# Snapping at kids / strangers



## dales69 (Jul 13, 2013)

I have a female vizla that turns 3 at the end of this month. I have had her since she was a few months old. She has always been like a "baby" - good with everybody and everything. my friend looks after her during the day whilst i am at work (she has a Weimaraner and they love being together)

Suddenly in the last 3-4 months she has taken a dislike to children that come to close and to "strangers" that also get to close. If we are playing in the park she is friends with anyone who has a dog - running up to them to play, get stroked etc etc. 

But if you dont have a dog she looks at them far to seriously... And with young children she will growl and snap, and has got very close to biting a couple of people.

I have no idea what to do.
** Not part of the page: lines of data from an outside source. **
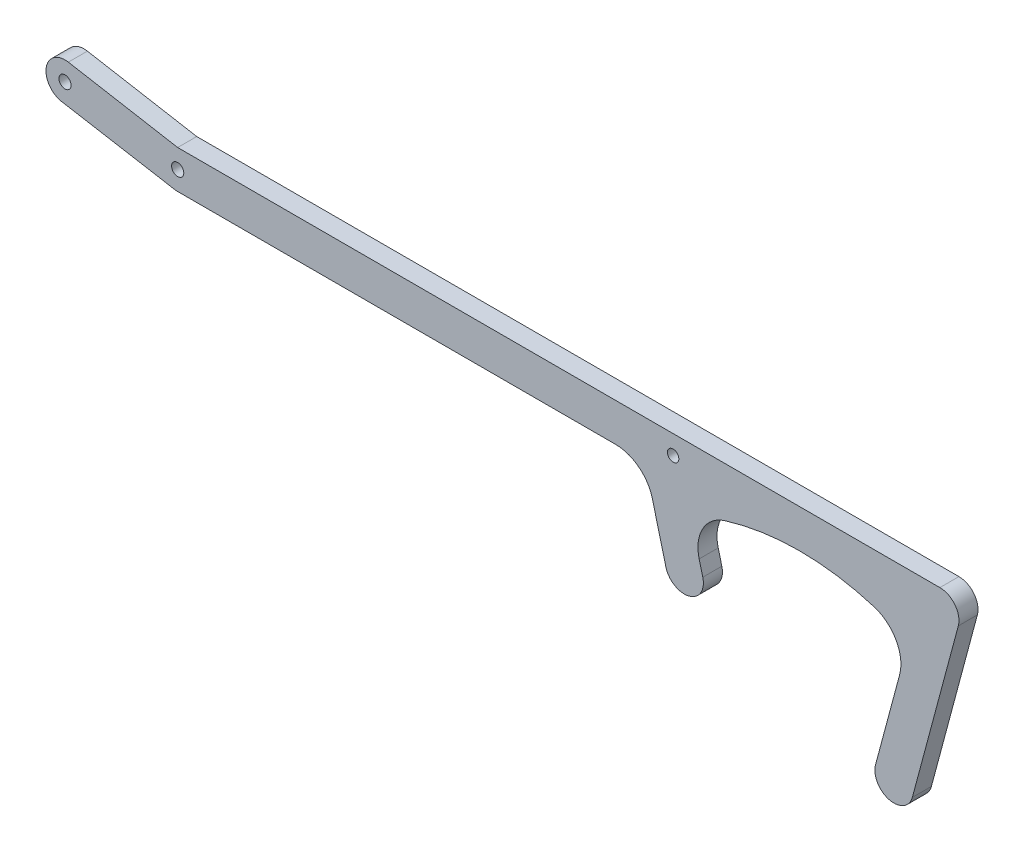
SolidWorks part; units mm, degrees
ref_plane "Front Plane" through (0, 0, 0) normal (0, 0, 1) x (1, 0, 0)
ref_plane "Top Plane" through (0, 0, 0) normal (0, 1, 0) x (1, 0, 0)
ref_plane "Right Plane" through (0, 0, 0) normal (1, 0, 0) x (0, 0, -1)
sketch "Sketch1" plane through (0, 0, 0) normal (0, 0, 1) x (1, 0, 0)
  line L0 (0, 0) -> (254, 0) construction
  line L1 (0, 6.35) -> (254, 6.35)
  line L2 (0, -6.35) -> (155.7202, -6.35)
  line L3 (260.1336, -1.6435) -> (244.8203, -58.7935)
  line L4 (232.5531, -55.5065) -> (243.5126, -14.605)
  line L6 (162.6883, -33.3375) -> (155.7202, -6.35)
  line L7 (174.9851, -30.1625) -> (170.9681, -14.605)
  line L8 (0, 0) -> (-37.5378, 6.521) construction
  line L10 (0, 6.35) -> (-36.4351, 12.7745)
  line L11 (-38.6246, 0.2647) -> (-1.0868, -6.2563)
  circle A0 centre (0, 0) radius 2.032
  arc A2 (260.1336, -1.6435) -> (254, 6.35) centre (254, 0) ccw
  arc A3 (232.5531, -55.5065) -> (244.8203, -58.7935) centre (238.6867, -57.15) ccw
  arc A5 (162.6883, -33.3375) -> (174.9851, -30.1625) centre (168.8367, -31.75) ccw
  arc A6 (170.9681, -14.605) -> (243.5126, -14.605) centre (207.2404, -90.8741) cw
  circle A7 centre (165.1, 0) radius 1.905
  arc A9 (-36.4351, 12.7745) -> (-38.6246, 0.2647) centre (-37.5378, 6.521) ccw
  circle A10 centre (-37.5378, 6.521) radius 2.032
  arc A12 (0, -6.35) -> (-1.0868, -6.2563) centre (0, 0) cw
  point P7 (0, 0)
  point P21 (-40.0132, 7.8061)
  point P28 (-40.0132, 7.8061)
  point P29 (0, 0)
  point P30 (-36.9622, 6.35)
  dimension "D1" = 31.75
  dimension "D3" = 6.35
  dimension "D5" = 6.35
  dimension "D6" = 6.35
  dimension "D11" = 4.064
  dimension "D14" = 17.145
  dimension "D10" = 75
  dimension "D13" = 84.455
  dimension "D15" = 3.81
  dimension "D19" = 6.35
  dimension "D21" = 4.064
  dimension "D17" = 6.35
  dimension "D4" = 12.7
  dimension "D7" = 254
  dimension "D8" = 57.15
  dimension "D9" = 69.85
  dimension "D12" = 26.9875
  dimension "D16" = 165.1
  dimension "D18" = 38.1
  dimension "D20" = 170
extrude "Boss-Extrude1" add sketch "Sketch1" along normal mid plane 6.35
fillet "Fillet1" radius 12.7 1 edges at (155.7202, -6.35, 0)
fillet "Fillet2" radius 12.7 2 edges at (243.5126, -14.605, 0) (170.9681, -14.605, 0)

I like on my own and she has had very little interaction with kids in her 3 years. 

But now she is starting to scare me with her reactions. Its like she is trying to protect me from anyone that gets close.

I would appreciate any advise.


----------



## lonestar (Jun 2, 2013)

Hi Dale,

The likely culprit here is some bad interaction(s) whilst in the care of your friend during the day. Ask her about this. Typically, 3 year olds don't develop things like this out of the blue, it's usually associated with some experiences. Especially if you live alone and dont have a lot of interactions with kids, a sudden exposure to their typically intrusive, unpredictable, loud style of interaction can freak your V out.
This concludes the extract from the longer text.